Mais voilà, la nouvelle ministre de l’Éducation nationale s’est affranchie de Parcoursup, laissant de côté les principes d'égalité républicaine. Cette situation n’est pas acceptable. Encore de l’eau qui met à mon moulin pour que nous nous engagions à réfléchir à une nouvelle République dans un processus constituant.


Ensuite j’attire votre attention sur les révoltes qui se lèvent. Des quartiers populaires aux agriculteurs, à chaque fois c’est la justice, la vie chère, la faim qui finalement caractérisent ces mouvements.


Encore, il est essentiel de souligner l'idée selon laquelle « il y a de l'argent, mais pas pour nous ». Cette phrase commune résonne quand il s’agit des agriculteurs, des réfugiés, des travailleurs, des agents des services publics et bien d'autres. Il est temps de remettre en question cette inégalité flagrante et de travailler ensemble pour plus de partage des richesses.


Citoyennes, citoyens, maintenant, il est temps de choisir son positionnement politique.


Nous pouvons opter pour une approche collective, où nous devons récupérer le contrôle sur la richesse produite par tout le monde.


Nous devons réclamer nos retraites volées, remettre en question la facture d'énergie alors que nous avons déjà payé le réseau, exiger que la Politique Agricole Commune finance l’agriculture pour vivre et bien manger au lieu de servir une agriculture d’exportation et demander des comptes à la Commission européenne et à la Banque centrale européenne qui prennent à la gorge nos services publics, nos commerçants, nos artisans, nos entreprises.


D'autres choisiront une approche individualiste et égoïste.


Cependant, quelle que soit notre orientation politique, la ligne de force est claire : nous devons nous emparer de ces sujets.


Avec les élections européennes à l'horizon, je vous propose de porter une attention particulière à « combien nous coûte l'Europe telle qu’elle est aujourd’hui, l’Europe dite libérale ».


Si nous examinons de près la facture d'énergie, l'évasion fiscale, la Politique Agricole Commune non versée à nos agriculteurs, nous réaliserons l'ampleur du prix à payer.


Alors aux élections européennes du 9 juin, ils veulent que vous fassiez un chèque. Moi, je vous appelle à réclamer votre dû, à récupérer cet argent pour le mettre au service de toutes et tous.

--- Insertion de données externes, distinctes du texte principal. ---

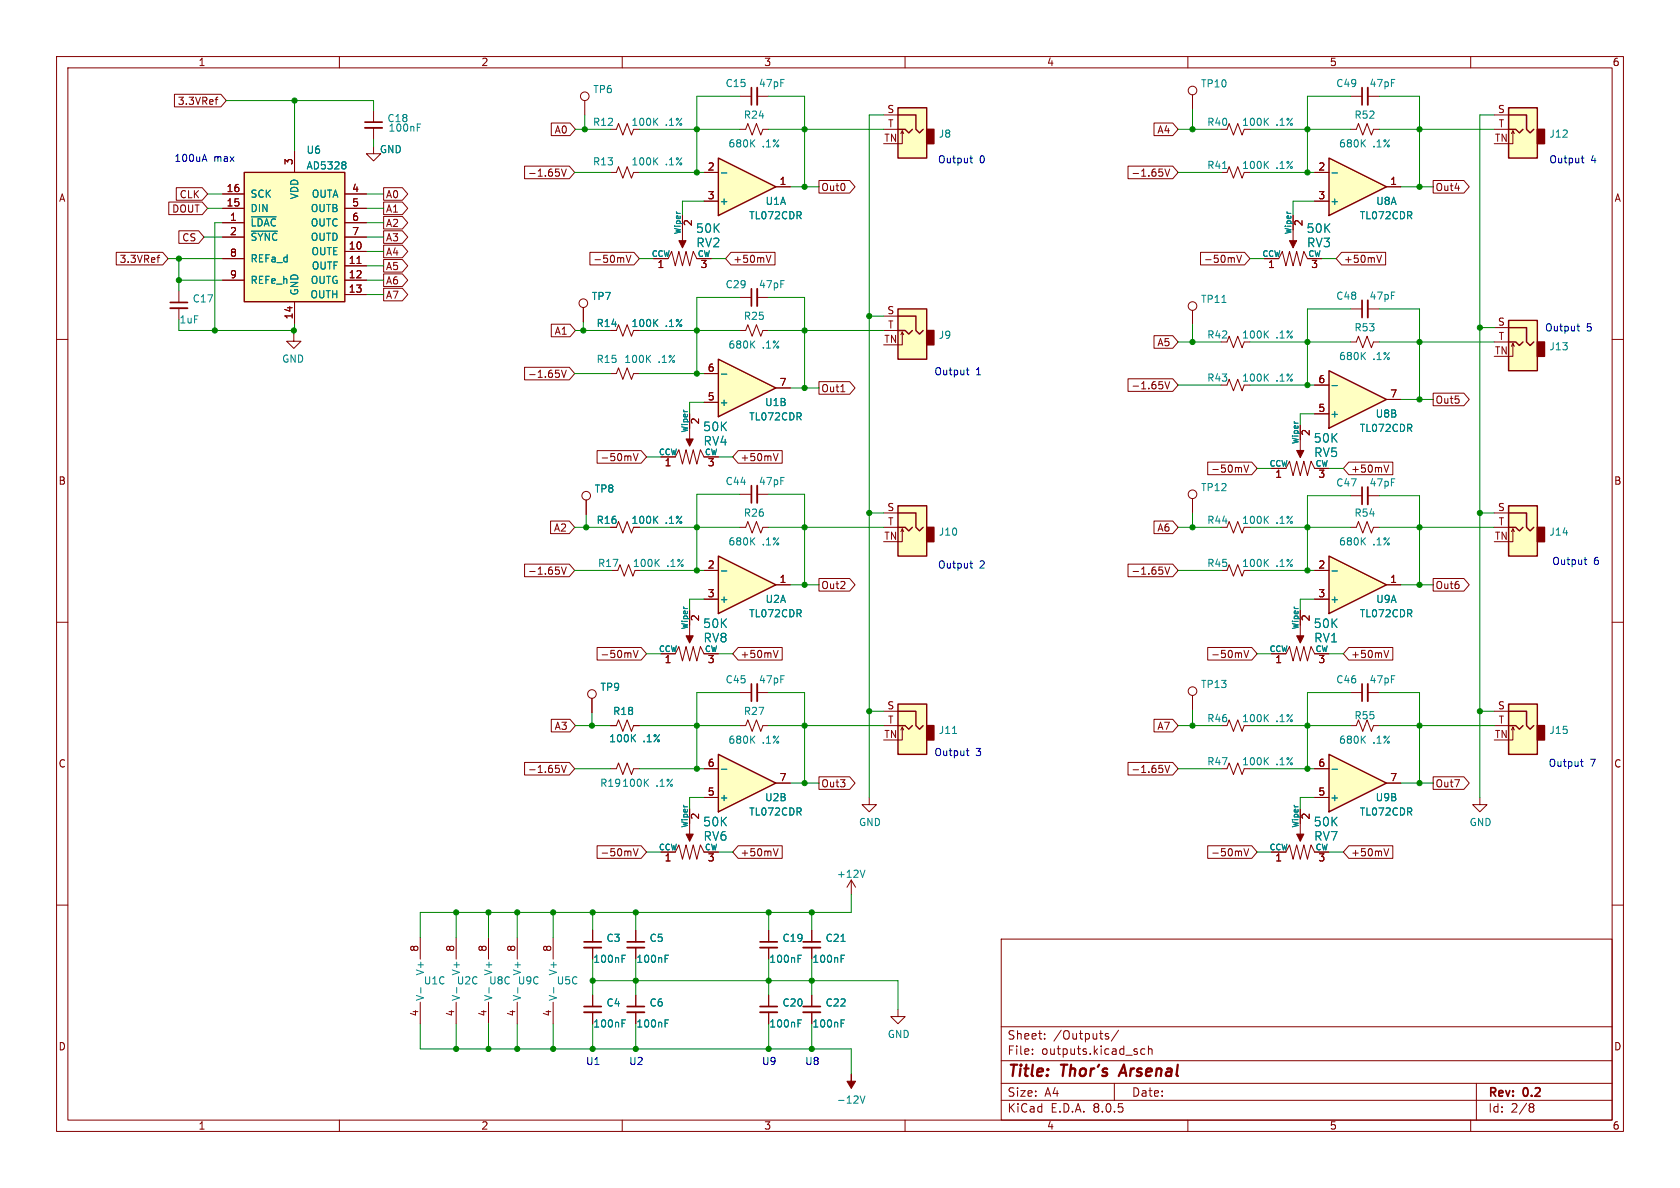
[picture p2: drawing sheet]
<svg xmlns="http://www.w3.org/2000/svg" width="297mm" height="210mm" viewBox="0 0 297 210" stroke-linecap="round" stroke-linejoin="round" font-family="sans-serif">
<g fill="none" stroke="#840000" stroke-width=".18">
<path d="M10 10h277v190h-277zM12 12h273v186h-273zM60 10v2M110 10v2M160 10v2M210 10v2M238.8 17h2M241.8 17h2M260 10v2M238.8 22.9h1l.4-1.1 .7 2.1 .8-2.1 .7 2.1 .4-1h1M10 60h2M285 60h2"/>
<path d="M10 110h2M116.8 115.6h2.6l.6-1.3 .6 2.5 .7-2.5 .6 2.5 .7-2.5 .6 2.5 .6-2.5 .7 1.3h2.5M121.9 108v4.4M216.9 100.8l.4-1 .8 2.1 .7-2.1 .8 2.1 .4-1.1M285 110h2M130.8 128.3h1l.4-1 .8 2 .7-2 .8 2 .4-1h1M130.8 122.4h2M133.9 122.4h2M10 160h2M285 160h2M158.7 178.4v1.3h1.3l-1.3 1.3-1.2-1.3h1.2M177 166h108v32h-108z"/>
<path d="M60 198v2M110 198v2M160 198v2M177 194.5h108M177 191.5h108M177 187.5h108M177 181.5h108M182.5 186.3v.1M182.5 185.5v.1M184.7 183.6v.1M184.7 182.8v.1M195.5 183.1l.5 .2v.2l-.2 .2-.4-.1"/>
<path d="M195.5 182.8h.5M197 191.5v3M197.7 182.1l-1.2 2M202.4 185.5l-.4-.1-.3 .3v.4l.1 .2h.6M203 185.5l.2-.1 .4 .1 .1 .9M203 184.9v1.5M210 198v2M260 198v2M261 191.5v6.5M270.6 195.1h.3l.3 .3-.3 .3M270.6 195.7h.3M270.9 195.7l.2 .2 .1 .4-.3 .3h-.3"/>
</g>
<path d="M198.7 188.2l-.9 2" fill="none" stroke="#840000" stroke-width=".4"/>
<path d="M240.8 25.3l.6 .7M241.4 24.7l-.7 .7M223.7 99.4l.5 .7M224.2 98.9l-.7 .7M132.9 130.7l.5 .7M133.4 130.1l-.7 .7" fill="none" stroke="#008484" stroke-width=".18"/>
<path d="M121.3 112.4h1.3l-.7 1.3z" fill="#840000" stroke="#840000" stroke-width=".18"/>
<path d="M241.8 15.5v3M133.9 120.9v3.1" fill="none" stroke="#840000" stroke-width=".33"/>
<path d="M240.8 15.5v3M132.8 120.9v3.1" fill="none" stroke="#840000" stroke-width=".3"/>
<path d="M234.9 27.9l10.2 5.1-10.2 5.1z" fill="#ffffc2"/>
<path d="M234.9 27.9l10.2 5.1-10.2 5.1z" fill="none" stroke="#840000" stroke-width=".25"/>
<g fill="none" stroke="#840000" stroke-width=".18">
<path d="M210.8 16.8v2.5M228.6 38.1v4.4M232.4 30.5h2.5M232.4 35.6h2.5M245.1 33h2.5M31.6 51.4v2.1M31.6 54.5v2M51.9 59.1v1.2h-1.2l1.2 1.3 1.3-1.3h-1.3M223.5 45.7h2.6l.6-1.2 .6 2.5 .7-2.5 .6 2.5 .6-2.5 .7 2.5 .6-2.5 .6 1.2h2.6M121.9 73.2v4.4M229.9 75.2v4.4M116.8 80.8h2.6l.6-1.3 .6 2.5 .7-2.5 .6 2.5 .7-2.5 .6 2.5 .6-2.5 .7 1.3h2.5"/>
<path d="M224.8 82.8h2.5l.7-1.3 .6 2.6 .6-2.6 .7 2.6 .6-2.6 .6 2.6 .7-2.6 .6 1.3h2.5M238.8 93.2h1l.4-1 .7 2 .8-2 .7 2 .4-1h1M238.8 87.6h2M241.8 87.6h2M107.9 135.9h1.1l.3-1 .8 2 .8-2 .7 2 .4-1h1M74.3 165.7v3.8M74.3 177.2v3.8M80.6 165.7v3.8M80.6 177.2v3.8"/>
<circle cx="210.8" cy="16" r=".76"/>
</g>
<path d="M235.5 30.6h.9M240.8 95.6l.6 .7M241.4 95.1l-.7 .7M114.1 138.3l.5 .7M114.6 137.7l-.7 .8M74.4 174.6v.9M80.7 174.6v.9" fill="none" stroke="#008484" stroke-width=".18"/>
<g fill="#840000" stroke="#840000" stroke-width=".18">
<path d="M228 42.5h1.2l-.6 1.3z"/>
<path d="M229.2 79.6h1.3l-.6 1.3z"/>
<path d="M121.3 77.6h1.3l-.7 1.3z"/>
</g>
<path d="M30.1 54.5h3M241.8 86.1v3.1" fill="none" stroke="#840000" stroke-width=".33"/>
<path d="M30.1 53.5h3M240.8 86.1v3.1" fill="none" stroke="#840000" stroke-width=".3"/>
<path d="M158.7 124.5h5.1v8.9h-5.1z" fill="#ffffc2"/>
<path d="M163.8 128.3h1.3v2.5h-1.3z" fill="#840000" stroke="#840000" stroke-width=".25"/>
<g fill="none" stroke="#840000" stroke-width=".18">
<path d="M130.8 93.2h1l.4-1 .8 2 .7-2 .8 2 .4-1h1M104.6 123.4v2.6M107.9 128.3h1.1l.3-1 .8 2 .8-2 .7 2 .4-1h1M156.2 125.7h2.5M156.2 128.3h2.5M159.5 128.5l-.2 .5M159.8 129l-.3-.5v2.3h-.8"/>
<circle cx="104.6" cy="122.7" r=".76"/>
</g>
<path d="M158.7 124.5h5.1v8.9h-5.1zM158.7 128.3h1.3l.7 .6 .6-.6M158.7 125.7h3.2v2.6l.7 .6 .6-.6" fill="none" stroke="#840000" stroke-width=".25"/>
<path d="M132.9 95.6l.5 .7M133.4 95.1l-.7 .7M111.8 130.4l.6 .7M112.4 129.9l-.8 .7M168.4 129.7h.7" fill="none" stroke="#008484" stroke-width=".18"/>
<path d="M127 63.5l10.2 5.1-10.2 5.1z" fill="#ffffc2"/>
<path d="M127 63.5l10.2 5.1-10.2 5.1z" fill="none" stroke="#840000" stroke-width=".25"/>
<g fill="none" stroke="#840000" stroke-width=".18">
<path d="M130.8 17h2M133.9 17h2M130.8 58.4h1l.4-1 .8 2 .7-2 .8 2 .4-1h1M124.5 71.1h2.5M124.5 66h2.5M137.2 68.6h2.5M86.4 165.7v3.8M86.4 177.2v3.8M91.4 165.7v3.8M91.4 177.2v3.8M97.8 165.7v3.8M97.8 177.2v3.8"/>
<path d="M104.8 164.5v2M104.8 167.5v2M104.8 175.9v2M104.8 178.9v2.1M112.4 164.5v2M112.4 167.5v2M112.4 175.9v2M112.4 178.9v2.1"/>
</g>
<g fill="none" stroke="#008484" stroke-width=".18">
<path d="M127.5 66.1h1M132.9 60.8l.5 .7M133.4 60.3l-.7 .7M86.5 174.6v.9M91.5 174.6v.9M97.9 174.6v.9M110 169.5h.4M110 168.9h.6M117.6 169.5h.4M117.6 168.9h.6M110 180.9h.4M110 180.3h.6"/>
<path d="M117.6 180.9h.4M117.6 180.3h.6"/>
</g>
<path d="M133.9 15.5v3M103.3 178.9h3M103.3 167.5h3M110.9 178.9h3M110.9 167.5h3" fill="none" stroke="#840000" stroke-width=".33"/>
<path d="M132.8 15.5v3M103.3 177.9h3M103.3 166.5h3M110.9 177.9h3M110.9 166.5h3" fill="none" stroke="#840000" stroke-width=".3"/>
<path d="M127 98.3l10.2 5.1-10.2 5.1z" fill="#ffffc2"/>
<path d="M127 98.3l10.2 5.1-10.2 5.1z" fill="none" stroke="#840000" stroke-width=".25"/>
<path d="M66 19.6v2M66 25.9v1.3h-1.2l1.2 1.2 1.3-1.2h-1.3M66 22.6v2M130.8 87.4h2M133.9 87.4h2M124.5 100.8h2.5M124.5 105.9h2.5M137.2 103.4h2.5" fill="none" stroke="#840000" stroke-width=".18"/>
<path d="M73.8 22.5h.4M73.8 21.9h.6M127.5 100.9h1M152.1 193.7l.4 1.3 .4-1.3" fill="none" stroke="#008484" stroke-width=".18"/>
<path d="M64.5 22.6h3.1M133.9 85.9v3" fill="none" stroke="#840000" stroke-width=".33"/>
<path d="M64.5 21.6h3.1M132.8 85.9v3" fill="none" stroke="#840000" stroke-width=".3"/>
<path d="M150.5 189.9v1.2h.8l-.8 1.3-.8-1.3h.8z" fill="#840000" stroke="#840000" stroke-width=".18"/>
<path d="M43.2 30.5h17.8v22.8h-17.8z" fill="#ffffc2"/>
<path d="M43.2 30.5h17.8v22.8h-17.8z" fill="none" stroke="#840000" stroke-width=".25"/>
<g fill="none" stroke="#840000" stroke-width=".18">
<path d="M39.4 39.4h3.8M39.4 36.8h3.8M39.4 34.3h3.8M52.1 26.7v3.8M61 39.4h3.8M61 36.8h3.8M61 34.3h3.8M120.6 38.1v4.4M39.4 49.5h3.8M39.4 41.9h3.8M39.4 45.7h3.8M52.1 53.3v3.9"/>
<path d="M61 44.5h3.8M61 47h3.8M61 49.5h3.8M61 52.1h3.8M61 41.9h3.8M63.1 46.6h.7M115.6 45.7h2.5l.6-1.2 .7 2.5 .6-2.5 .6 2.5 .7-2.5 .6 2.5 .7-2.5 .6 1.2h2.5"/>
</g>
<path d="M44.4 38.3h4.4M61 28.7l.2 .1-.2 .3M61 29.2l.2 .2-.2 .4M44.4 40.9h4.7" fill="none" stroke="#008484" stroke-width=".18"/>
<path d="M120 42.5h1.3l-.7 1.3z" fill="#840000" stroke="#840000" stroke-width=".18"/>
<path d="M266.7 124.5h5.1v8.9h-5.1z" fill="#ffffc2"/>
<path d="M271.8 128.3h1.2v2.5h-1.2z" fill="#840000" stroke="#840000" stroke-width=".25"/>
<path d="M264.2 125.7h2.5M264.2 128.3h2.5M267.5 128.5l-.3 .5M267.7 129l-.2-.5v2.3h-.8" fill="none" stroke="#840000" stroke-width=".18"/>
<path d="M266.7 124.5h5.1v8.9h-5.1zM266.7 128.3h1.3l.6 .6 .6-.6M266.7 125.7h3.2v2.6l.6 .6 .6-.6" fill="none" stroke="#840000" stroke-width=".25"/>
<path d="M158.7 19.1h5.1v8.8h-5.1z" fill="#ffffc2"/>
<path d="M163.8 22.9h1.3v2.5h-1.3z" fill="#840000" stroke="#840000" stroke-width=".25"/>
<g fill="none" stroke="#840000" stroke-width=".18">
<path d="M103.4 17.8v2.5M156.2 20.3h2.5M156.2 22.9h2.5M159.5 23.1l-.2 .5M159.8 23.6l-.3-.5v2.3h-.8M238.8 60.5h1l.4-1.1 .7 2.1 .8-2.1 .7 2.1 .4-1h1M135.9 164.5v2M135.9 167.5v2M143.5 164.5v2M143.5 167.5v2"/>
<circle cx="103.4" cy="17" r=".76"/>
</g>
<path d="M158.7 19.1h5.1v8.8h-5.1zM158.7 22.9h1.3l.7 .6 .6-.6M158.7 20.3h3.2v2.6l.7 .6 .6-.6" fill="none" stroke="#840000" stroke-width=".25"/>
<path d="M134.4 167.5h3M142 167.5h3" fill="none" stroke="#840000" stroke-width=".33"/>
<path d="M134.4 166.5h3M142 166.5h3" fill="none" stroke="#840000" stroke-width=".3"/>
<path d="M240.8 62.8l.6 .8M241.4 62.3l-.7 .7M141.1 169.5h.4M141.1 168.9h.6M148.7 166.4h.7M148.7 169.5h.4M148.7 168.9h.6" fill="none" stroke="#008484" stroke-width=".18"/>
<path d="M234.9 65.5l10.2 5.1-10.2 5.1z" fill="#ffffc2"/>
<path d="M234.9 65.5l10.2 5.1-10.2 5.1z" fill="none" stroke="#840000" stroke-width=".25"/>
<path d="M238.8 54.6h2M241.8 54.6h2M232.4 73.2h2.5M232.4 68.1h2.5M245.1 70.6h2.5M135.9 175.9v2M135.9 178.9v2.1" fill="none" stroke="#840000" stroke-width=".18"/>
<path d="M235.5 68.2h.9M141.1 180.9h.4M141.1 180.3h.6" fill="none" stroke="#008484" stroke-width=".18"/>
<path d="M241.8 53.1v3M134.4 178.9h3" fill="none" stroke="#840000" stroke-width=".33"/>
<path d="M240.8 53.1v3M134.4 177.9h3" fill="none" stroke="#840000" stroke-width=".3"/>
<path d="M266.7 89.4h5.1v8.9h-5.1z" fill="#ffffc2"/>
<path d="M271.8 93.2h1.2v2.6h-1.2z" fill="#840000" stroke="#840000" stroke-width=".25"/>
<g fill="none" stroke="#840000" stroke-width=".18">
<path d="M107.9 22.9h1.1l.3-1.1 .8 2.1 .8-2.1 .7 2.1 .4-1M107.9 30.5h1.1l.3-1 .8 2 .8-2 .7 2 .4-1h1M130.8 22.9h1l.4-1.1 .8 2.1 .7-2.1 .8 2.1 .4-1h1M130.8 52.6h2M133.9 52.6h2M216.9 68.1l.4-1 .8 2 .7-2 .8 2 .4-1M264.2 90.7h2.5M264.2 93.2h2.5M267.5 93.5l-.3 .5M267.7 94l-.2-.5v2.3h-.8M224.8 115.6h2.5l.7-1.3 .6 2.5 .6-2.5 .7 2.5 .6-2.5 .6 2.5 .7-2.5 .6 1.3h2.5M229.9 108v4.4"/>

Si vous voulez des politiques pour nos services publics, pour réduire le coût de l'énergie ou soutenir une agriculture paysanne bio et vivrière, utilisez vos bulletins de vote ! Et pour ça, je vous invite à vérifier que vous êtes bien inscrits sur les listes électorales. Même quand vous avez déménagé d’un trottoir à l’autre, ou d’une rue à l’autre à Villeurbanne.


Si vous laissez seuls les très très riches voter, ne vous étonnez pas qu'ensuite vous subissiez une politique pour les riches au détriment du grand nombre.


Alors, citoyennes, citoyens c’est l’heure des caractères ! La planète brûle, je vous propose que nous nous fédérions. Lançons un SOS au nom du peuple humain. Pas de place pour l’égoïsme et le chacun pour soi, nous avons ce devoir pour nous même, pour l’humanité tout entière et le vivant.


Vive la République et vive la France.